Go for it!  They need someone who knows his stuff.


----------



## min0 lee (May 3, 2007)

P-funk said:


> where do I send my resume?


I was thinking the same thing.

Give it a try......you never know.

It would be good to see you in pinstripes.


----------



## min0 lee (May 3, 2007)

*Fitness guru takes walk *


By FILIP BONDY
DAILY NEWS SPORTS COLUMNIST
Posted Thursday, May 3rd 2007, 10:48 AM 



Read Filip Bondy's The Daily Blahg
George Steinbrenner finally found somebody to fire yesterday, a scapegoat bereft of any significant following. His name is Marty Miller, a 34-year-old director of performance enhancement who isn't ever going to have his own plaque at Monument Park. If
he did, someone surely would strain a hamstring just looking at it.
That first part of the equation, the trainer's relative anonymity, is an important one. Steinbrenner hadn't enjoyed an easy firing like this one for quite some time. Miller was a fat, flat changeup down the middle, a walking caricature who had started the season 0-for-40.

It would require a lot more energy and heat to dismiss Ron Guidry, Don Mattingly or Joe Torre - Ronny and Donnie Baseball, plus Uncle Joe. It would also take considerable forcefulness to ax Brian Cashman, a move that might mean a major reorganization and a lengthy series of job interviews.

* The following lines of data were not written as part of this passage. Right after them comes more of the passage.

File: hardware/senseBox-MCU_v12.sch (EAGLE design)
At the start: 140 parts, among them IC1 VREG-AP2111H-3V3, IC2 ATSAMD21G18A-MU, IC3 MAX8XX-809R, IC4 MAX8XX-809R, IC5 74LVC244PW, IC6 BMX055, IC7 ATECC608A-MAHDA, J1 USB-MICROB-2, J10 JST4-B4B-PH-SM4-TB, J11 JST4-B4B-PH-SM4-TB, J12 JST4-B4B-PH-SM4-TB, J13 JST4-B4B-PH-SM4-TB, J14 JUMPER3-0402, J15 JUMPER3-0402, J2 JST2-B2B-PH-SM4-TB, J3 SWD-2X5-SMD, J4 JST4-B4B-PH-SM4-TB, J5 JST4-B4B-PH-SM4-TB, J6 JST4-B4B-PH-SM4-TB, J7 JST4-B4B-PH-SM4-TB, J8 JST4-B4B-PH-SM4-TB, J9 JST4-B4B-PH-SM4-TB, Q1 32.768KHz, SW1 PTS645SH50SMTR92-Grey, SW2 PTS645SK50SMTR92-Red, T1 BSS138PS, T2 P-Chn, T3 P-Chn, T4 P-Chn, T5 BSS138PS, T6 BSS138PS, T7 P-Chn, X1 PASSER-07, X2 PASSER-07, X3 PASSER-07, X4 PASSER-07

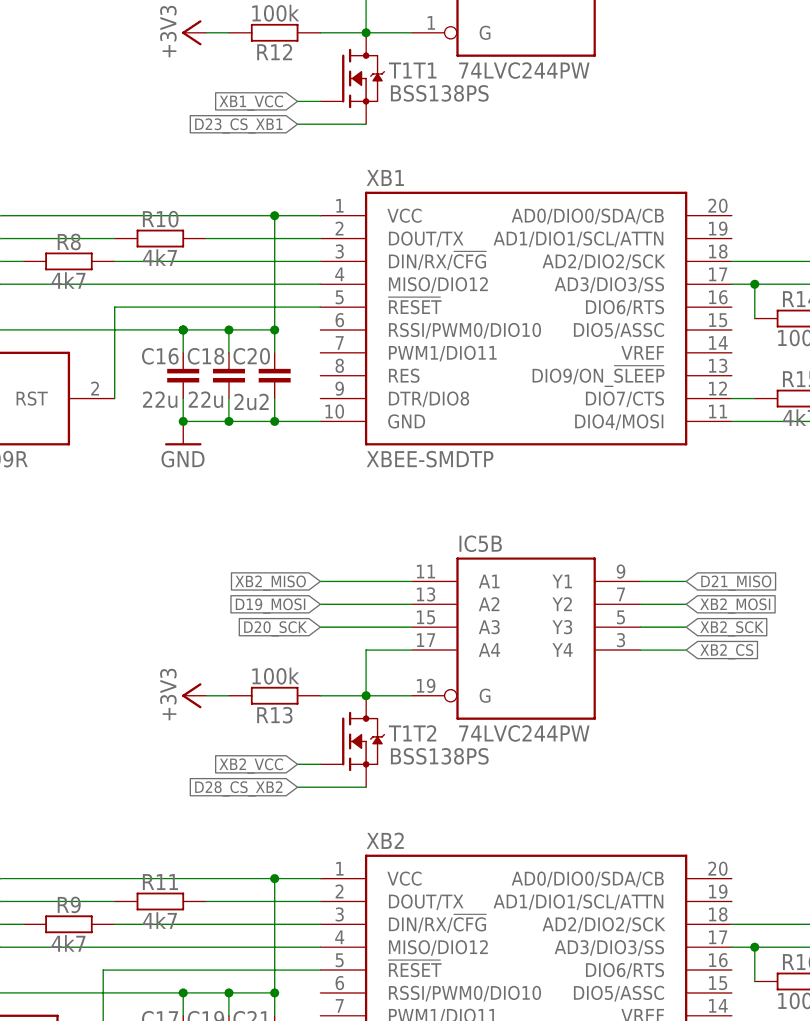
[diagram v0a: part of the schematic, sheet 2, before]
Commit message: updated schematics
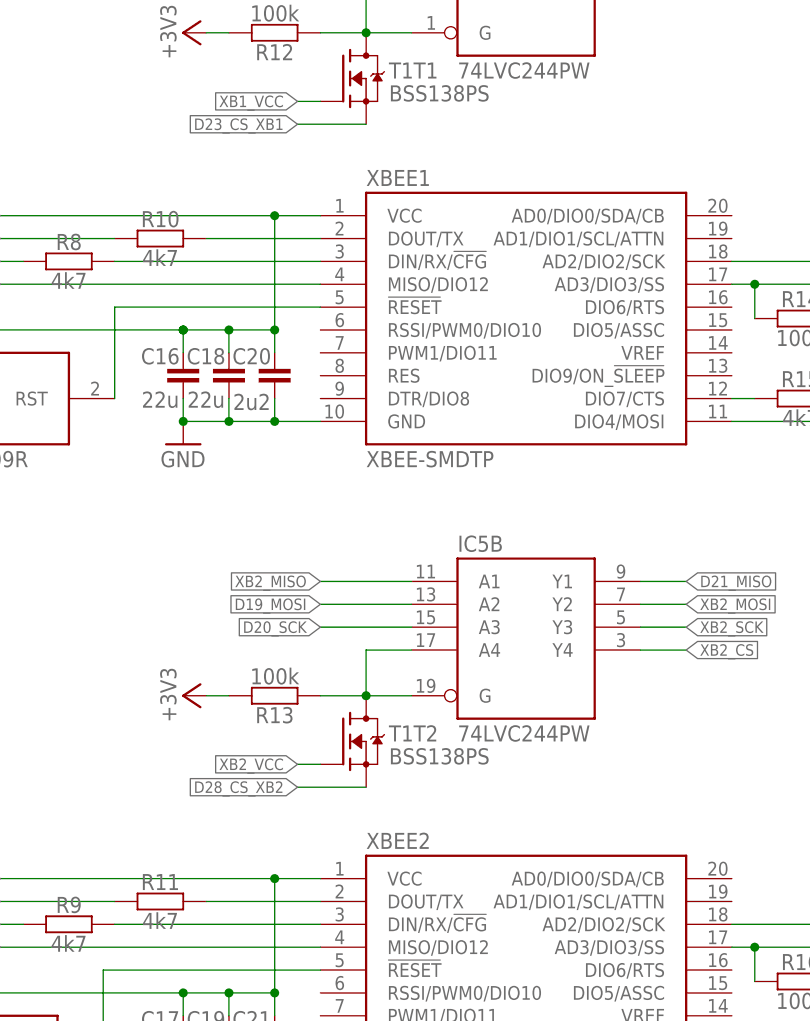
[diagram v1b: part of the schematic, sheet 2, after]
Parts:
- renumbered XB1 to XBEE1, XB2 to XBEE2
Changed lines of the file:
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@@
 <part name="FRAME1" library="we-symbol" deviceset="FRAME-A4L" device=""/>
 <part name="LOGO3" library="we-symbol" deviceset="LOGO_OSHW" device="-3" value="OSHW_LOGOX0070"/>
-<part name="XB1" library="we-board" deviceset="XBEE" device="-SMDTP" value="XBEE-SMDTP"/>
+<part name="XBEE1" library="we-board" deviceset="XBEE" device="-SMDTP" value="XBEE-SMDTP"/>
 <part name="X4" library="we-symbol" deviceset="PASSER" device="-07"/>
 <part name="C20" library="we-rcl" deviceset="CAPACITOR" device="-0402" value="2u2"/>
@@
 <part name="C18" library="we-rcl" deviceset="CAPACITOR" device="-0805" value="22u"/>
 <part name="C16" library="we-rcl" deviceset="CAPACITOR" device="-0805" value="22u"/>
-<part name="XB2" library="we-board" deviceset="XBEE" device="-SMDTP" value="XBEE-SMDTP"/>
+<part name="XBEE2" library="we-board" deviceset="XBEE" device="-SMDTP" value="XBEE-SMDTP"/>
 <part name="C21" library="we-rcl" deviceset="CAPACITOR" device="-0402" value="2u2"/>
 <part name="C19" library="we-rcl" deviceset="CAPACITOR" device="-0805" value="22u"/>
@@
 </plain>
 <instances>
-<instance part="XB1" gate="BOARD" x="107.95" y="115.57"/>
+<instance part="XBEE1" gate="BOARD" x="107.95" y="115.57"/>
 <instance part="C20" gate="C" x="80.01" y="107.95" smashed="yes" rot="R90">
 <attribute name="NAME" x="77.47" y="109.22" size="1.778" layer="95" align="bottom-center"/>
@@
 <attribute name="VALUE" x="67.31" y="106.172" size="1.778" layer="96" align="top-center"/>
 </instance>
-<instance part="XB2" gate="BOARD" x="107.95" y="41.91"/>
+<instance part="XBEE2" gate="BOARD" x="107.95" y="41.91"/>
 <instance part="C21" gate="C" x="80.01" y="34.29" smashed="yes" rot="R90">
 <attribute name="NAME" x="77.47" y="35.56" size="1.778" layer="95" align="bottom-center"/>
@@
 <net name="GND" class="0">
 <segment>
-<pinref part="XB1" gate="BOARD" pin="GND"/>
+<pinref part="XBEE1" gate="BOARD" pin="GND"/>
 <pinref part="C20" gate="C" pin="1"/>
 <wire x1="85.09" y1="102.87" x2="80.01" y2="102.87" width="0.1524" layer="91"/>
@@
 </segment>
 <segment>
-<pinref part="XB2" gate="BOARD" pin="GND"/>
+<pinref part="XBEE2" gate="BOARD" pin="GND"/>
 <pinref part="C21" gate="C" pin="1"/>
 <wire x1="85.09" y1="29.21" x2="80.01" y2="29.21" width="0.1524" layer="91"/>
@@
 <net name="XB1_TX" class="0">
 <segment>
-<pinref part="XB1" gate="BOARD" pin="DOUT/TX"/>
+<pinref part="XBEE1" gate="BOARD" pin="DOUT/TX"/>
 <pinref part="R10" gate="R" pin="2"/>
 <wire x1="72.39" y1="123.19" x2="85.09" y2="123.19" width="0.1524" layer="91"/>
@@
 <wire x1="146.05" y1="118.11" x2="133.35" y2="118.11" width="0.1524" layer="91"/>
 <label x="146.05" y="118.11" size="1.27" layer="95" xref="yes"/>
-<pinref part="XB1" gate="BOARD" pin="AD3/DIO3/SS"/>
+<pinref part="XBEE1" gate="BOARD" pin="AD3/DIO3/SS"/>
 <pinref part="R14" gate="R" pin="1"/>
 <wire x1="133.35" y1="118.11" x2="130.81" y2="118.11" width="0.1524" layer="91"/>
@@
 <wire x1="49.53" y1="118.11" x2="85.09" y2="118.11" width="0.1524" layer="91"/>
 <label x="49.53" y="118.11" size="1.27" layer="95" rot="R180" xref="yes"/>
-<pinref part="XB1" gate="BOARD" pin="MISO/DIO12"/>
+<pinref part="XBEE1" gate="BOARD" pin="MISO/DIO12"/>
 </segment>
 <segment>
@@
 <wire x1="146.05" y1="102.87" x2="130.81" y2="102.87" width="0.1524" layer="91"/>
 <label x="146.05" y="102.87" size="1.27" layer="95" xref="yes"/>
-<pinref part="XB1" gate="BOARD" pin="DIO4/MOSI"/>
+<pinref part="XBEE1" gate="BOARD" pin="DIO4/MOSI"/>
 </segment>
 <segment>
@@
 <wire x1="146.05" y1="120.65" x2="130.81" y2="120.65" width="0.1524" layer="91"/>
 <label x="146.05" y="120.65" size="1.27" layer="95" xref="yes"/>
-<pinref part="XB1" gate="BOARD" pin="AD2/DIO2/SCK"/>
+<pinref part="XBEE1" gate="BOARD" pin="AD2/DIO2/SCK"/>
 </segment>
 <segment>
@@
 <segment>
 <wire x1="133.35" y1="105.41" x2="130.81" y2="105.41" width="0.1524" layer="91"/>
-<pinref part="XB1" gate="BOARD" pin="DIO7/CTS"/>
+<pinref part="XBEE1" gate="BOARD" pin="DIO7/CTS"/>
 <pinref part="R15" gate="R" pin="1"/>
 </segment>
@@
 <net name="XB1_VCC" class="0">
 <segment>
-<pinref part="XB1" gate="BOARD" pin="VCC"/>
+<pinref part="XBEE1" gate="BOARD" pin="VCC"/>
 <label x="49.53" y="125.73" size="1.27" layer="95" rot="R180" xref="yes"/>
 <wire x1="85.09" y1="125.73" x2="80.01" y2="125.73" width="0.1524" layer="91"/>
@@
 <net name="XB1_RX" class="0">
 <segment>
-<pinref part="XB1" gate="BOARD" pin="DIN/RX/!CFG!"/>
+<pinref part="XBEE1" gate="BOARD" pin="DIN/RX/!CFG!"/>
 <pinref part="R8" gate="R" pin="2"/>
 <wire x1="85.09" y1="120.65" x2="62.23" y2="120.65" width="0.1524" layer="91"/>
@@
 <net name="XB2_VCC" class="0">
 <segment>
-<pinref part="XB2" gate="BOARD" pin="VCC"/>
+<pinref part="XBEE2" gate="BOARD" pin="VCC"/>
 <label x="49.53" y="52.07" size="1.27" layer="95" rot="R180" xref="yes"/>
 <pinref part="C17" gate="C" pin="2"/>
@@
 <net name="XB2_TX" class="0">
 <segment>
-<pinref part="XB2" gate="BOARD" pin="DOUT/TX"/>
+<pinref part="XBEE2" gate="BOARD" pin="DOUT/TX"/>
 <pinref part="R11" gate="R" pin="2"/>
 <wire x1="72.39" y1="49.53" x2="85.09" y2="49.53" width="0.1524" layer="91"/>
@@
 <net name="XB2_RX" class="0">
 <segment>
-<pinref part="XB2" gate="BOARD" pin="DIN/RX/!CFG!"/>
+<pinref part="XBEE2" gate="BOARD" pin="DIN/RX/!CFG!"/>
 <pinref part="R9" gate="R" pin="2"/>
 <wire x1="62.23" y1="46.99" x2="85.09" y2="46.99" width="0.1524" layer="91"/>
@@
 <wire x1="49.53" y1="44.45" x2="85.09" y2="44.45" width="0.1524" layer="91"/>
 <label x="49.53" y="44.45" size="1.27" layer="95" rot="R180" xref="yes"/>
-<pinref part="XB2" gate="BOARD" pin="MISO/DIO12"/>
+<pinref part="XBEE2" gate="BOARD" pin="MISO/DIO12"/>
 </segment>
 <segment>
@@
 <wire x1="146.05" y1="46.99" x2="130.81" y2="46.99" width="0.1524" layer="91"/>
 <label x="146.05" y="46.99" size="1.27" layer="95" xref="yes"/>
-<pinref part="XB2" gate="BOARD" pin="AD2/DIO2/SCK"/>
+<pinref part="XBEE2" gate="BOARD" pin="AD2/DIO2/SCK"/>
 </segment>
 <segment>
@@
 <wire x1="146.05" y1="44.45" x2="133.35" y2="44.45" width="0.1524" layer="91"/>
 <label x="146.05" y="44.45" size="1.27" layer="95" xref="yes"/>
-<pinref part="XB2" gate="BOARD" pin="AD3/DIO3/SS"/>
+<pinref part="XBEE2" gate="BOARD" pin="AD3/DIO3/SS"/>
 <pinref part="R16" gate="R" pin="1"/>
 <wire x1="133.35" y1="44.45" x2="130.81" y2="44.45" width="0.1524" layer="91"/>
@@
 <segment>
 <wire x1="133.35" y1="31.75" x2="130.81" y2="31.75" width="0.1524" layer="91"/>
-<pinref part="XB2" gate="BOARD" pin="DIO7/CTS"/>
+<pinref part="XBEE2" gate="BOARD" pin="DIO7/CTS"/>
 <pinref part="R17" gate="R" pin="1"/>
 </segment>
@@
 <wire x1="146.05" y1="29.21" x2="130.81" y2="29.21" width="0.1524" layer="91"/>
 <label x="146.05" y="29.21" size="1.27" layer="95" xref="yes"/>
-<pinref part="XB2" gate="BOARD" pin="DIO4/MOSI"/>
+<pinref part="XBEE2" gate="BOARD" pin="DIO4/MOSI"/>
 </segment>
 <segment>
@@
 <net name="RST_XB1" class="0">
 <segment>
-<pinref part="XB1" gate="BOARD" pin="!RESET!"/>
+<pinref part="XBEE1" gate="BOARD" pin="!RESET!"/>
 <pinref part="IC4" gate="IC" pin="RST"/>
 <wire x1="85.09" y1="115.57" x2="62.23" y2="115.57" width="0.1524" layer="91"/>
@@
 <net name="RST_XB2" class="0">
 <segment>
-<pinref part="XB2" gate="BOARD" pin="!RESET!"/>
+<pinref part="XBEE2" gate="BOARD" pin="!RESET!"/>
 <pinref part="IC3" gate="IC" pin="RST"/>
 <wire x1="85.09" y1="41.91" x2="60.96" y2="41.91" width="0.1524" layer="91"/>

But then came Miller, a perfectly imperfect target who will go down as one of the more ludicrous figures in Yankees history, and arguably one of Cashman's worst mistakes of the season.
Here was a great gift for Boss George. Fair or not, Miller gets blamed now for the whole silly series of mishaps and medical unravelings, for the lousy start to the season and maybe even for some awful personnel decisions. And why not? It got to the point where the Yankees couldn't climb a mound without losing a limb.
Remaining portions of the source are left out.